(Dataset excerpts)
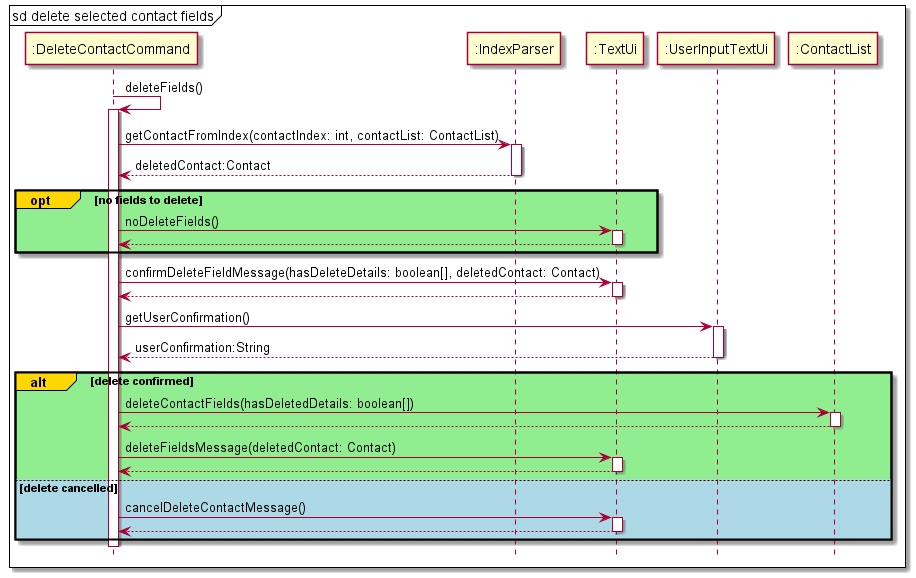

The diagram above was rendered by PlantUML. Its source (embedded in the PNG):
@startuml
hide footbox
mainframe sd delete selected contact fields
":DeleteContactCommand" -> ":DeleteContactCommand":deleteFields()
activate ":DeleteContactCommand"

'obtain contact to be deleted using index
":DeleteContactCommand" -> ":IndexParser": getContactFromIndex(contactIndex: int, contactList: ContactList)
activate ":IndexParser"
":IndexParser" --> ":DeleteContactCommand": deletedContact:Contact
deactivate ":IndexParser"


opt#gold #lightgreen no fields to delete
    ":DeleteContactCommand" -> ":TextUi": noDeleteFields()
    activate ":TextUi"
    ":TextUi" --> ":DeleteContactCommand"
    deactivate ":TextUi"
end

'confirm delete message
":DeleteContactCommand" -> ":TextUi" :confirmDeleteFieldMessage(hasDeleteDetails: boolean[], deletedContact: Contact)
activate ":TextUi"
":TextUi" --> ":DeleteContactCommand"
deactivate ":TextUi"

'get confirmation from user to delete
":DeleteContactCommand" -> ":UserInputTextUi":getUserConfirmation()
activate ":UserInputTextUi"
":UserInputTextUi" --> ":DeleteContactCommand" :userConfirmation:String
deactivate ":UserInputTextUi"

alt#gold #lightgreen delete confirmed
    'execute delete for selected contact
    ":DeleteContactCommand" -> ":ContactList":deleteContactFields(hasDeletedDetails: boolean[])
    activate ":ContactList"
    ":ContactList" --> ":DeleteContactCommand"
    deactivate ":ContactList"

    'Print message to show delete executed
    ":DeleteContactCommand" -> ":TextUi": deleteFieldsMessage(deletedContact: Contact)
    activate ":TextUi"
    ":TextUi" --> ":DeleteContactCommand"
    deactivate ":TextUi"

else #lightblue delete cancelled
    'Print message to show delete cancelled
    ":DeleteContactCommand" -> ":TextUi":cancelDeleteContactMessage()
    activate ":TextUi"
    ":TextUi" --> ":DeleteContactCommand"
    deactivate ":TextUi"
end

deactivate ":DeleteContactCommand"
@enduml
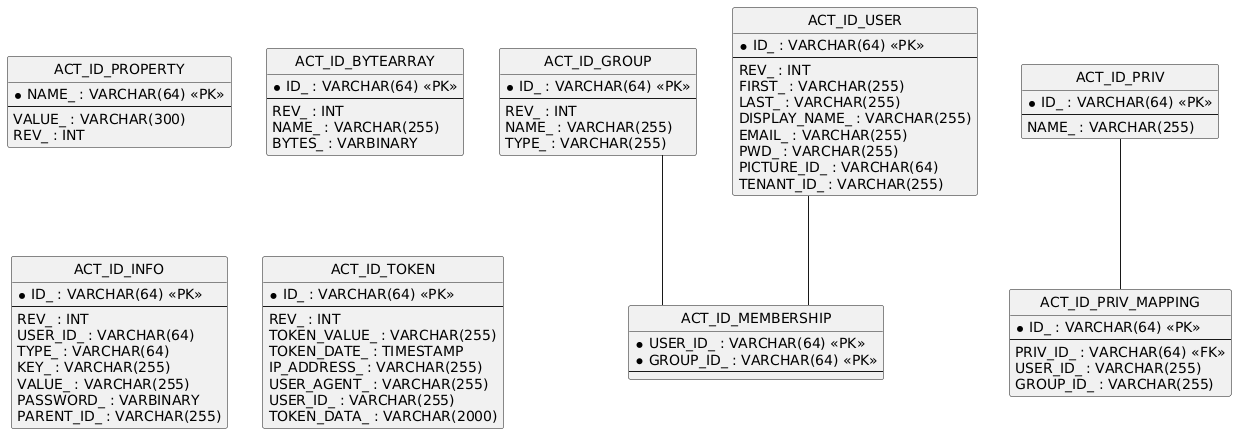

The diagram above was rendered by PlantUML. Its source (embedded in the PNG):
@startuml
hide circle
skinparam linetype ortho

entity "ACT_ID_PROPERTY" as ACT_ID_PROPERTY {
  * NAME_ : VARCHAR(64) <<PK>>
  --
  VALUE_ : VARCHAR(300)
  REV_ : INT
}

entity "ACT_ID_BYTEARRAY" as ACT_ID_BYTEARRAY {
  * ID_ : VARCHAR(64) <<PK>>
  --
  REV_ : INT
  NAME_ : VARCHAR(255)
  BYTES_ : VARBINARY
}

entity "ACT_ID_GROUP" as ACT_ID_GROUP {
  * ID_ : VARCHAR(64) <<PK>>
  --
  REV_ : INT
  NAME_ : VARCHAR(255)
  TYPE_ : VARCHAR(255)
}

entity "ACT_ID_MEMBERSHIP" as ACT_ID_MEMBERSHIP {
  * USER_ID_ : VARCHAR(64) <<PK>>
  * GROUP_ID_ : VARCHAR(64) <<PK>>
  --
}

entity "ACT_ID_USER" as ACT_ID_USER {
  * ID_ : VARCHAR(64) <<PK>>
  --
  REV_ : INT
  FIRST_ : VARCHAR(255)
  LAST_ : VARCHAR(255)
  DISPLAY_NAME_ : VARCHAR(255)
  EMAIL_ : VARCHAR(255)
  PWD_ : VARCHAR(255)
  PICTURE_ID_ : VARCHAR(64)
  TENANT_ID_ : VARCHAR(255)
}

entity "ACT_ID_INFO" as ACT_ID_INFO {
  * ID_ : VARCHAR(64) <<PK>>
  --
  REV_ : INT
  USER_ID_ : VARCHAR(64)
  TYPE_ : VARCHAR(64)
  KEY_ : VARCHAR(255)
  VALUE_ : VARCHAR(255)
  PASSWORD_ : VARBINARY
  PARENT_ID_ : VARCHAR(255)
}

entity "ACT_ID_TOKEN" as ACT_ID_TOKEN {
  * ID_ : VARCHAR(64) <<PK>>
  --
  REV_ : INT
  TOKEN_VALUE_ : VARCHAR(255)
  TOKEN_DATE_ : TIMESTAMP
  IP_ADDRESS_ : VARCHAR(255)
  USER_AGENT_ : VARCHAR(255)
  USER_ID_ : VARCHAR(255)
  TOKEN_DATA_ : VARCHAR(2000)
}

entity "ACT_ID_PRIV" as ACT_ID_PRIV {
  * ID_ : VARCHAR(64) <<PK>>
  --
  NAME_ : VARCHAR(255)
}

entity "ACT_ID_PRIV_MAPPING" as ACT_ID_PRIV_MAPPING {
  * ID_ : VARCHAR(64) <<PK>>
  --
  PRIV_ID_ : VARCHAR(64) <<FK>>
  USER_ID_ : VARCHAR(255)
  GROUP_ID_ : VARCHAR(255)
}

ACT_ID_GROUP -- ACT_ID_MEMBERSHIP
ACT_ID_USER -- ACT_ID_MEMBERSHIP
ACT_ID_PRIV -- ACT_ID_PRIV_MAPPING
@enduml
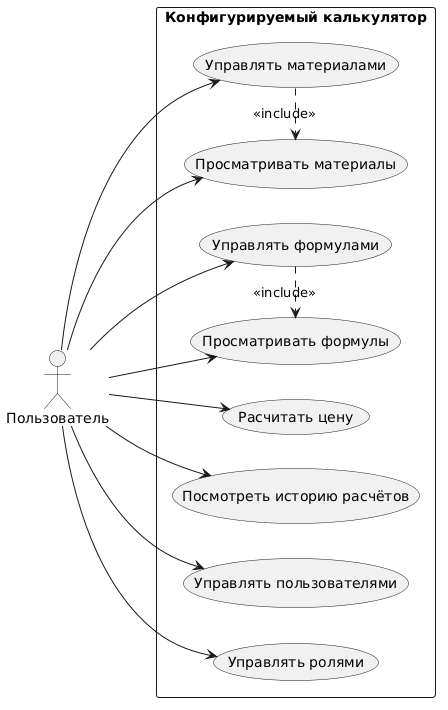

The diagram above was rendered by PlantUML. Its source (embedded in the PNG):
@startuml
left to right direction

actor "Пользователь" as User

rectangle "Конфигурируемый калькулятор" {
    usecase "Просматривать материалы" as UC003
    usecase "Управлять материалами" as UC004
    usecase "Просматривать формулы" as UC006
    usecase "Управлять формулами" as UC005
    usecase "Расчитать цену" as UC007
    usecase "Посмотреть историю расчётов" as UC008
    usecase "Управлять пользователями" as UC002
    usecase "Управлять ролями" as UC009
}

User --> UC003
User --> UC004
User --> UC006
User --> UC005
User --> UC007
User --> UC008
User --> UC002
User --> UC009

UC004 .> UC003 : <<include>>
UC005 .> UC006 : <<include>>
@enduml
(End Dataset excerpts)
Each word of the data should be repeated exactly, and the pictures left out.

# Solution for this task
The diagram above was rendered by PlantUML. Its source (embedded in the PNG):
@startuml
hide footbox
mainframe sd delete selected contact fields
":DeleteContactCommand" -> ":DeleteContactCommand":deleteFields()
activate ":DeleteContactCommand"

'obtain contact to be deleted using index
":DeleteContactCommand" -> ":IndexParser": getContactFromIndex(contactIndex: int, contactList: ContactList)
activate ":IndexParser"
":IndexParser" --> ":DeleteContactCommand": deletedContact:Contact
deactivate ":IndexParser"


opt#gold #lightgreen no fields to delete
    ":DeleteContactCommand" -> ":TextUi": noDeleteFields()
    activate ":TextUi"
    ":TextUi" --> ":DeleteContactCommand"
    deactivate ":TextUi"
end

'confirm delete message
":DeleteContactCommand" -> ":TextUi" :confirmDeleteFieldMessage(hasDeleteDetails: boolean[], deletedContact: Contact)
activate ":TextUi"
":TextUi" --> ":DeleteContactCommand"
deactivate ":TextUi"

'get confirmation from user to delete
":DeleteContactCommand" -> ":UserInputTextUi":getUserConfirmation()
activate ":UserInputTextUi"
":UserInputTextUi" --> ":DeleteContactCommand" :userConfirmation:String
deactivate ":UserInputTextUi"

alt#gold #lightgreen delete confirmed
    'execute delete for selected contact
    ":DeleteContactCommand" -> ":ContactList":deleteContactFields(hasDeletedDetails: boolean[])
    activate ":ContactList"
    ":ContactList" --> ":DeleteContactCommand"
    deactivate ":ContactList"

    'Print message to show delete executed
    ":DeleteContactCommand" -> ":TextUi": deleteFieldsMessage(deletedContact: Contact)
    activate ":TextUi"
    ":TextUi" --> ":DeleteContactCommand"
    deactivate ":TextUi"

else #lightblue delete cancelled
    'Print message to show delete cancelled
    ":DeleteContactCommand" -> ":TextUi":cancelDeleteContactMessage()
    activate ":TextUi"
    ":TextUi" --> ":DeleteContactCommand"
    deactivate ":TextUi"
end

deactivate ":DeleteContactCommand"
@enduml

The diagram above was rendered by PlantUML. Its source (embedded in the PNG):
@startuml
hide circle
skinparam linetype ortho

entity "ACT_ID_PROPERTY" as ACT_ID_PROPERTY {
  * NAME_ : VARCHAR(64) <<PK>>
  --
  VALUE_ : VARCHAR(300)
  REV_ : INT
}

entity "ACT_ID_BYTEARRAY" as ACT_ID_BYTEARRAY {
  * ID_ : VARCHAR(64) <<PK>>
  --
  REV_ : INT
  NAME_ : VARCHAR(255)
  BYTES_ : VARBINARY
}

entity "ACT_ID_GROUP" as ACT_ID_GROUP {
  * ID_ : VARCHAR(64) <<PK>>
  --
  REV_ : INT
  NAME_ : VARCHAR(255)
  TYPE_ : VARCHAR(255)
}

entity "ACT_ID_MEMBERSHIP" as ACT_ID_MEMBERSHIP {
  * USER_ID_ : VARCHAR(64) <<PK>>
  * GROUP_ID_ : VARCHAR(64) <<PK>>
  --
}

entity "ACT_ID_USER" as ACT_ID_USER {
  * ID_ : VARCHAR(64) <<PK>>
  --
  REV_ : INT
  FIRST_ : VARCHAR(255)
  LAST_ : VARCHAR(255)
  DISPLAY_NAME_ : VARCHAR(255)
  EMAIL_ : VARCHAR(255)
  PWD_ : VARCHAR(255)
  PICTURE_ID_ : VARCHAR(64)
  TENANT_ID_ : VARCHAR(255)
}

entity "ACT_ID_INFO" as ACT_ID_INFO {
  * ID_ : VARCHAR(64) <<PK>>
  --
  REV_ : INT
  USER_ID_ : VARCHAR(64)
  TYPE_ : VARCHAR(64)
  KEY_ : VARCHAR(255)
  VALUE_ : VARCHAR(255)
  PASSWORD_ : VARBINARY
  PARENT_ID_ : VARCHAR(255)
}

entity "ACT_ID_TOKEN" as ACT_ID_TOKEN {
  * ID_ : VARCHAR(64) <<PK>>
  --
  REV_ : INT
  TOKEN_VALUE_ : VARCHAR(255)
  TOKEN_DATE_ : TIMESTAMP
  IP_ADDRESS_ : VARCHAR(255)
  USER_AGENT_ : VARCHAR(255)
  USER_ID_ : VARCHAR(255)
  TOKEN_DATA_ : VARCHAR(2000)
}

entity "ACT_ID_PRIV" as ACT_ID_PRIV {
  * ID_ : VARCHAR(64) <<PK>>
  --
  NAME_ : VARCHAR(255)
}

entity "ACT_ID_PRIV_MAPPING" as ACT_ID_PRIV_MAPPING {
  * ID_ : VARCHAR(64) <<PK>>
  --
  PRIV_ID_ : VARCHAR(64) <<FK>>
  USER_ID_ : VARCHAR(255)
  GROUP_ID_ : VARCHAR(255)
}

ACT_ID_GROUP -- ACT_ID_MEMBERSHIP
ACT_ID_USER -- ACT_ID_MEMBERSHIP
ACT_ID_PRIV -- ACT_ID_PRIV_MAPPING
@enduml

The diagram above was rendered by PlantUML. Its source (embedded in the PNG):
@startuml
left to right direction

actor "Пользователь" as User

rectangle "Конфигурируемый калькулятор" {
    usecase "Просматривать материалы" as UC003
    usecase "Управлять материалами" as UC004
    usecase "Просматривать формулы" as UC006
    usecase "Управлять формулами" as UC005
    usecase "Расчитать цену" as UC007
    usecase "Посмотреть историю расчётов" as UC008
    usecase "Управлять пользователями" as UC002
    usecase "Управлять ролями" as UC009
}

User --> UC003
User --> UC004
User --> UC006
User --> UC005
User --> UC007
User --> UC008
User --> UC002
User --> UC009

UC004 .> UC003 : <<include>>
UC005 .> UC006 : <<include>>
@enduml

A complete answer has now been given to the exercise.